Source data:
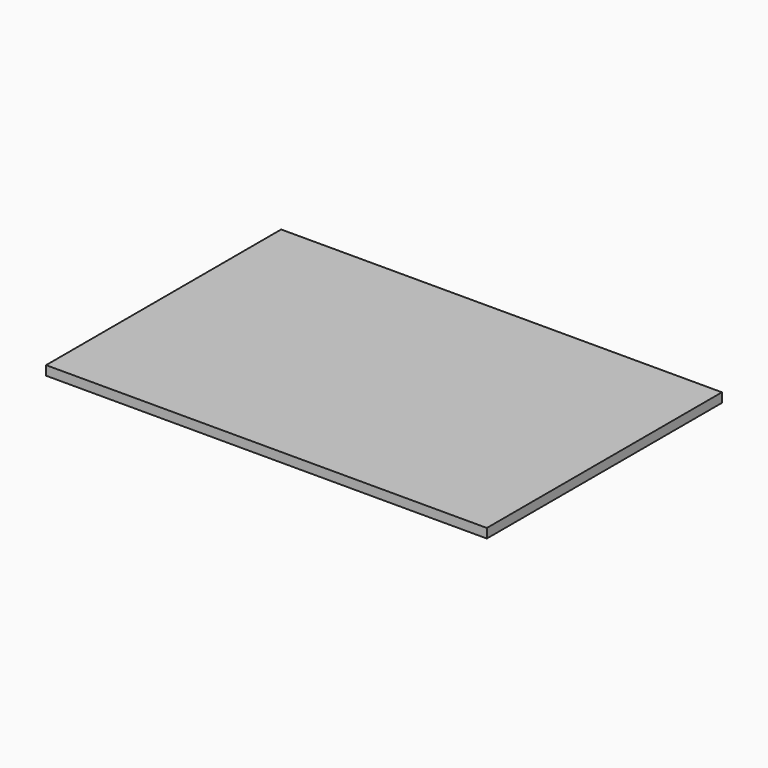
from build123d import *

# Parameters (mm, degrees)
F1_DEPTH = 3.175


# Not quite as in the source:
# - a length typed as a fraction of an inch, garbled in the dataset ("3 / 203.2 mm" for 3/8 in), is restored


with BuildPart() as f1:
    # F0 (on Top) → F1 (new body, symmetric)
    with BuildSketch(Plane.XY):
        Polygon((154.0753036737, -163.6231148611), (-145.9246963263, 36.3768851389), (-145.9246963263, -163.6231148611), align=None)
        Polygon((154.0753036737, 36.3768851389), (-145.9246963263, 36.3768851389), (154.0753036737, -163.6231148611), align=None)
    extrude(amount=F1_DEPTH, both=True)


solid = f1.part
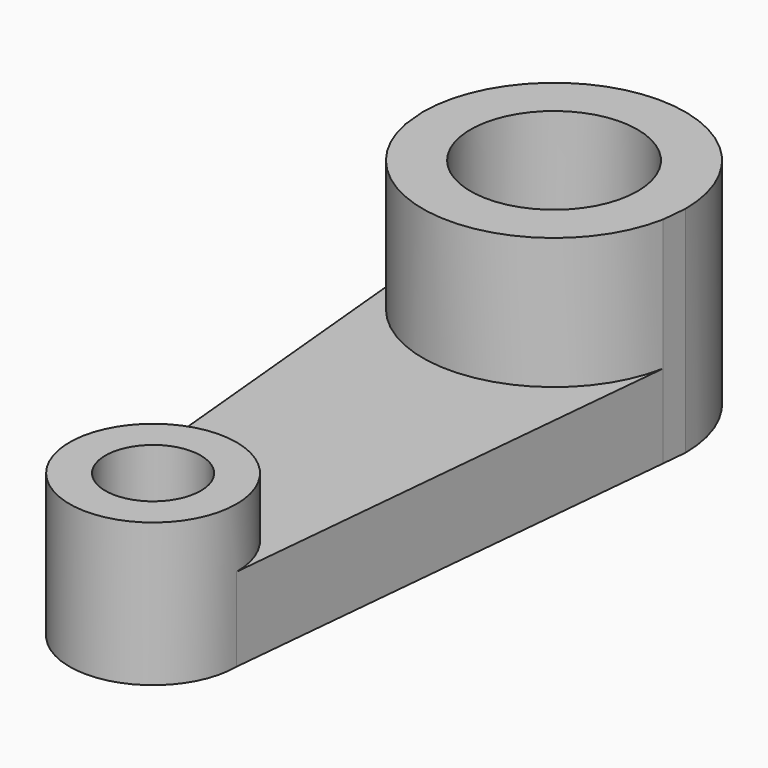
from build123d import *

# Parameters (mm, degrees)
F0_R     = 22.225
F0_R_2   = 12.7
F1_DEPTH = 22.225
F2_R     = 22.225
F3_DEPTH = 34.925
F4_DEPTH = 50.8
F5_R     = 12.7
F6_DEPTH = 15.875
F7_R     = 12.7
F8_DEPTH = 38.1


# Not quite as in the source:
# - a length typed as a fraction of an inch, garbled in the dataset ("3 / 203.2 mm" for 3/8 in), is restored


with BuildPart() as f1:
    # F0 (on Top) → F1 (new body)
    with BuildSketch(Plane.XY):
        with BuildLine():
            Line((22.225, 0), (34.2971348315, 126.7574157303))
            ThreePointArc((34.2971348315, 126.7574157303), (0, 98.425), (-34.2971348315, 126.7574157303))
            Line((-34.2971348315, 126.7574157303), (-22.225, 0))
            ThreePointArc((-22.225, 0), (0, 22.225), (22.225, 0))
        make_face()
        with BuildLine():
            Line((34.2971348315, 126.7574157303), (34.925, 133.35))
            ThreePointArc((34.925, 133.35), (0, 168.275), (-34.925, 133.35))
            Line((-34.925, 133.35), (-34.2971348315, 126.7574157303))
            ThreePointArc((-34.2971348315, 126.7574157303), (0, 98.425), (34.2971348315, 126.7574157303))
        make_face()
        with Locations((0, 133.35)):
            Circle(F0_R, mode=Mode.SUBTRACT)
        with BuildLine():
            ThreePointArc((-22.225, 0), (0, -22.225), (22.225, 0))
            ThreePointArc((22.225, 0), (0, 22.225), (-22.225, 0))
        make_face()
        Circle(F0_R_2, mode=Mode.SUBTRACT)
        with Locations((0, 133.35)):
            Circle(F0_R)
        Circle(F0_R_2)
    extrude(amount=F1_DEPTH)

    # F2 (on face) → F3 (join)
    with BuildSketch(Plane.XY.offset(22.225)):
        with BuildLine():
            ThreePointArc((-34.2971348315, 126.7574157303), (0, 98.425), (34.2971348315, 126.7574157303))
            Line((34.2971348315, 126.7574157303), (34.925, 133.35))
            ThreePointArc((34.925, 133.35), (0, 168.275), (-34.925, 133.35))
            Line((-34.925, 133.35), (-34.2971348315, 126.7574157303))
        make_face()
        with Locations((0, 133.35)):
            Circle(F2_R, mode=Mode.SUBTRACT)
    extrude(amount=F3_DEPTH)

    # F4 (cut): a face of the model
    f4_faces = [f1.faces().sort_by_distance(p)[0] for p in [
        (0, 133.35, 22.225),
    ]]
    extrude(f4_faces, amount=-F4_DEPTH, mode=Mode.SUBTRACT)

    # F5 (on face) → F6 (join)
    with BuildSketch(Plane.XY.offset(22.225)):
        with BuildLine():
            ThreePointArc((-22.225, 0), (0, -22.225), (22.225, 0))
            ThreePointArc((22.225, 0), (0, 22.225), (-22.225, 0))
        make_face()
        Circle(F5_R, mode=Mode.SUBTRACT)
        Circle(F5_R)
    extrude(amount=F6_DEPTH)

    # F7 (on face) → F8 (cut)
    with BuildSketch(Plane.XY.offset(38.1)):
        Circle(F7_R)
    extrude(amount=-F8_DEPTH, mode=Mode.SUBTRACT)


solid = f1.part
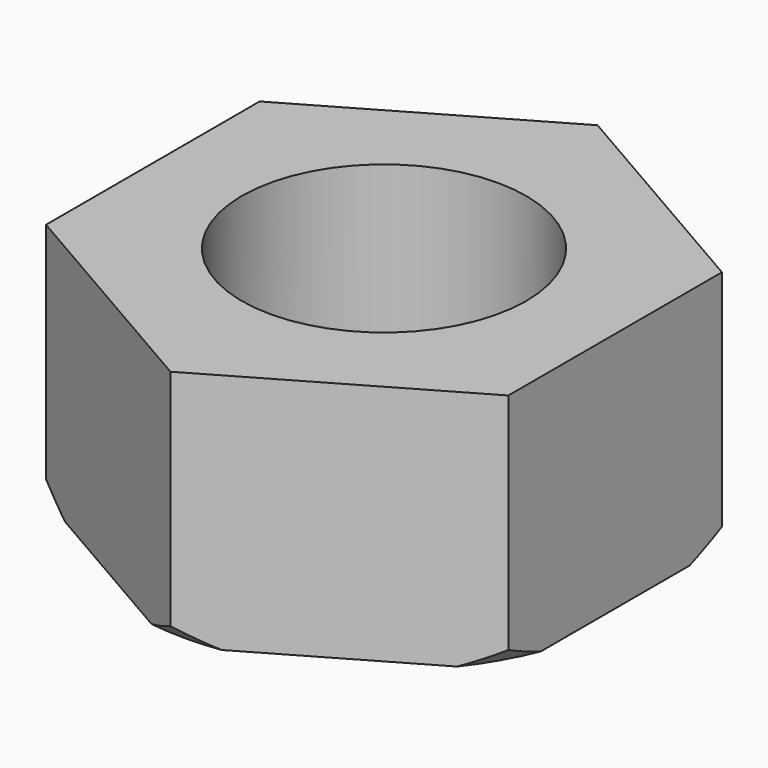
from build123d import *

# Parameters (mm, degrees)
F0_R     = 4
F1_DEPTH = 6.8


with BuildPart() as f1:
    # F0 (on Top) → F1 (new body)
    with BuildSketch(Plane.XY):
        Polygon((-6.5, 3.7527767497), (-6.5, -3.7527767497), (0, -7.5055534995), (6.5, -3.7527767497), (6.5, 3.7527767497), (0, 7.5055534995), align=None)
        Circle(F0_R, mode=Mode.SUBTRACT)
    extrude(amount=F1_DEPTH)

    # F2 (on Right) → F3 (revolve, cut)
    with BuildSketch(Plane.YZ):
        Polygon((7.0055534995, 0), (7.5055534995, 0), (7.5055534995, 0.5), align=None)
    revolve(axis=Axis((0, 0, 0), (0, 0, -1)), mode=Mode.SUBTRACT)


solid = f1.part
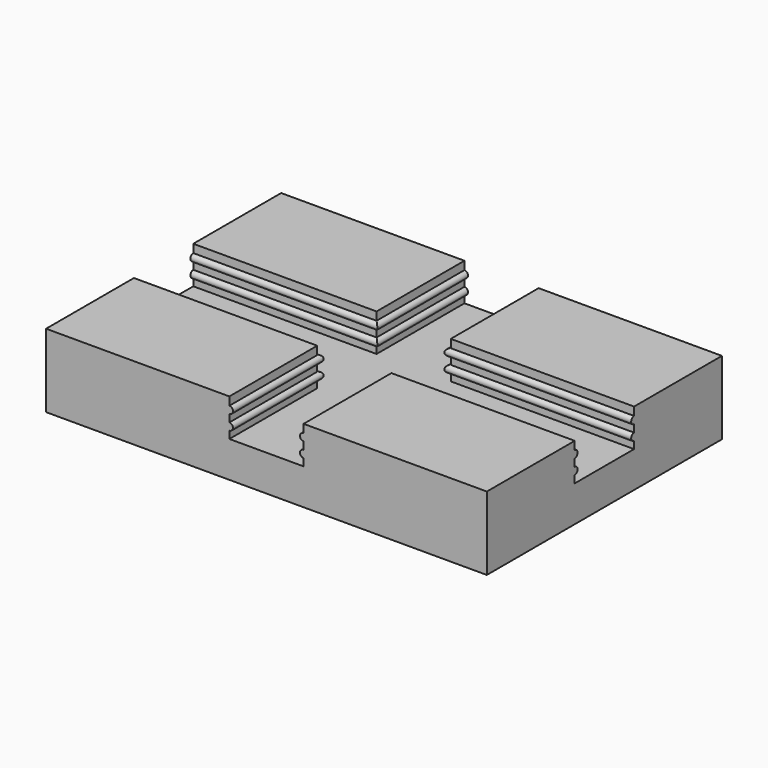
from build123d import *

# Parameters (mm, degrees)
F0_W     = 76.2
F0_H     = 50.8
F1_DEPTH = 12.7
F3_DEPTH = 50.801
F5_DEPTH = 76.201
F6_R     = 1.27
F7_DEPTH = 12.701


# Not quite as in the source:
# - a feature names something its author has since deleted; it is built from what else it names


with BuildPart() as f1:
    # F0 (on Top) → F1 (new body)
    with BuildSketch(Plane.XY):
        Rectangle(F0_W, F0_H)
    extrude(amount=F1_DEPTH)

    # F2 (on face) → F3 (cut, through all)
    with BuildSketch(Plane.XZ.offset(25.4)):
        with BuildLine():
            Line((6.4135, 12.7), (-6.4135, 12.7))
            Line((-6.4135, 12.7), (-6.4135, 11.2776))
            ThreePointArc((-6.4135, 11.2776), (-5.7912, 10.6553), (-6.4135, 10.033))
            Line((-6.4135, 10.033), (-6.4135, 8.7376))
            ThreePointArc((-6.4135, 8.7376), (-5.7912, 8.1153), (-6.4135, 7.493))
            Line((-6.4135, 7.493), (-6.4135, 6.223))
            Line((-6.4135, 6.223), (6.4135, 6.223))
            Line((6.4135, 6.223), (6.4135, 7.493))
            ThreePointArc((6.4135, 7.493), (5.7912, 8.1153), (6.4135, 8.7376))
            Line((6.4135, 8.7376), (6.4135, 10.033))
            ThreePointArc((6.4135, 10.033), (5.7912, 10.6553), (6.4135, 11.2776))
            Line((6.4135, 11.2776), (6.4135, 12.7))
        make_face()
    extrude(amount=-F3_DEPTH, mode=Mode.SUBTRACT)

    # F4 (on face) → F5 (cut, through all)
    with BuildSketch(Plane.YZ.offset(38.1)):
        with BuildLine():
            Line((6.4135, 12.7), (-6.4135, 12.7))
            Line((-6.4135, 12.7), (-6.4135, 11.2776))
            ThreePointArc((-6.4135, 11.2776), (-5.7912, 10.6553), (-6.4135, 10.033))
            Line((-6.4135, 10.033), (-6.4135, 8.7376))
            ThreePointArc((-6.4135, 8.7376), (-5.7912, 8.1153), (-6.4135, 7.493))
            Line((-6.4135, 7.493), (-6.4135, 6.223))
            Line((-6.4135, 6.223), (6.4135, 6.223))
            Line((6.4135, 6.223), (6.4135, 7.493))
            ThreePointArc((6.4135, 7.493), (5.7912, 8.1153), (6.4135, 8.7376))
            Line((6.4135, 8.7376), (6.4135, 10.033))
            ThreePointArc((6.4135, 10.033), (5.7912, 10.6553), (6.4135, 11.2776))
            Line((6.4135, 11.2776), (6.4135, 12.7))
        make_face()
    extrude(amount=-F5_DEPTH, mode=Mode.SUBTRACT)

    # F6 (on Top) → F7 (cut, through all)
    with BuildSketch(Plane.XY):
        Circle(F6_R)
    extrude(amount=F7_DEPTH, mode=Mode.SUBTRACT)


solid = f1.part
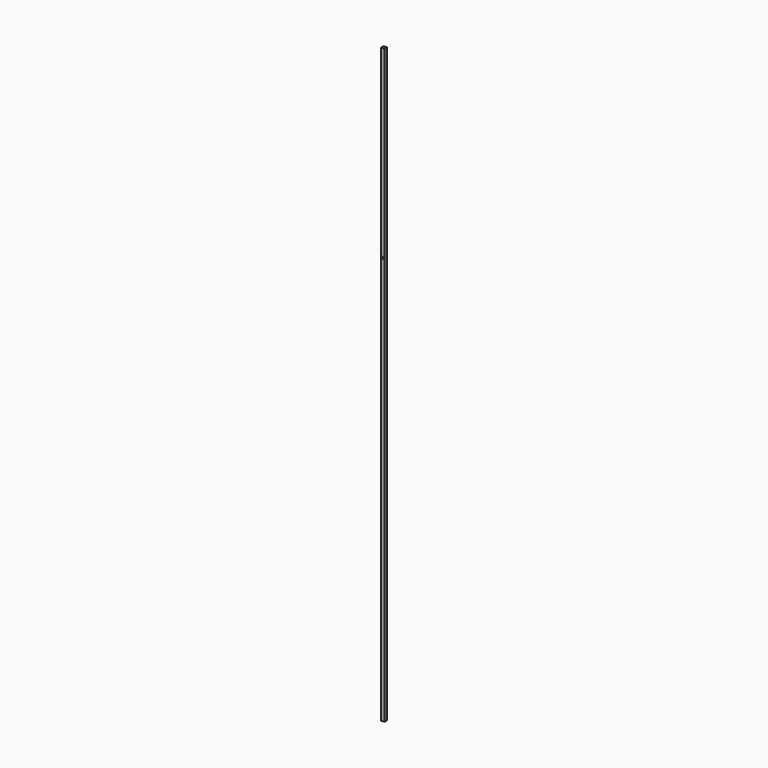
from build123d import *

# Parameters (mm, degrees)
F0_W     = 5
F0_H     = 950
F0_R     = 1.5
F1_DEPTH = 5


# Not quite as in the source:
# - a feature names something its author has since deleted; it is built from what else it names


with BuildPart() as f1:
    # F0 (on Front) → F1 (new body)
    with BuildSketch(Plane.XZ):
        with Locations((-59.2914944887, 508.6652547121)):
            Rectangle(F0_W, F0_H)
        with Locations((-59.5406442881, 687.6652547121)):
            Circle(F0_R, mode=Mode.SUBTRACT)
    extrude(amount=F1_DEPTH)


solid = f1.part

WORK REQUIRED: When you reach the line with "(154.0753036737, -163.6231148611), align=None)" in the records above, start writing out each line exactly, and stop after the line with "F4_DEPTH = 50.8". Pictures stay out.

WRITTEN RESPONSE:
        Polygon((154.0753036737, 36.3768851389), (-145.9246963263, 36.3768851389), (154.0753036737, -163.6231148611), align=None)
    extrude(amount=F1_DEPTH, both=True)


solid = f1.part
from build123d import *

# Parameters (mm, degrees)
F0_R     = 22.225
F0_R_2   = 12.7
F1_DEPTH = 22.225
F2_R     = 22.225
F3_DEPTH = 34.925
F4_DEPTH = 50.8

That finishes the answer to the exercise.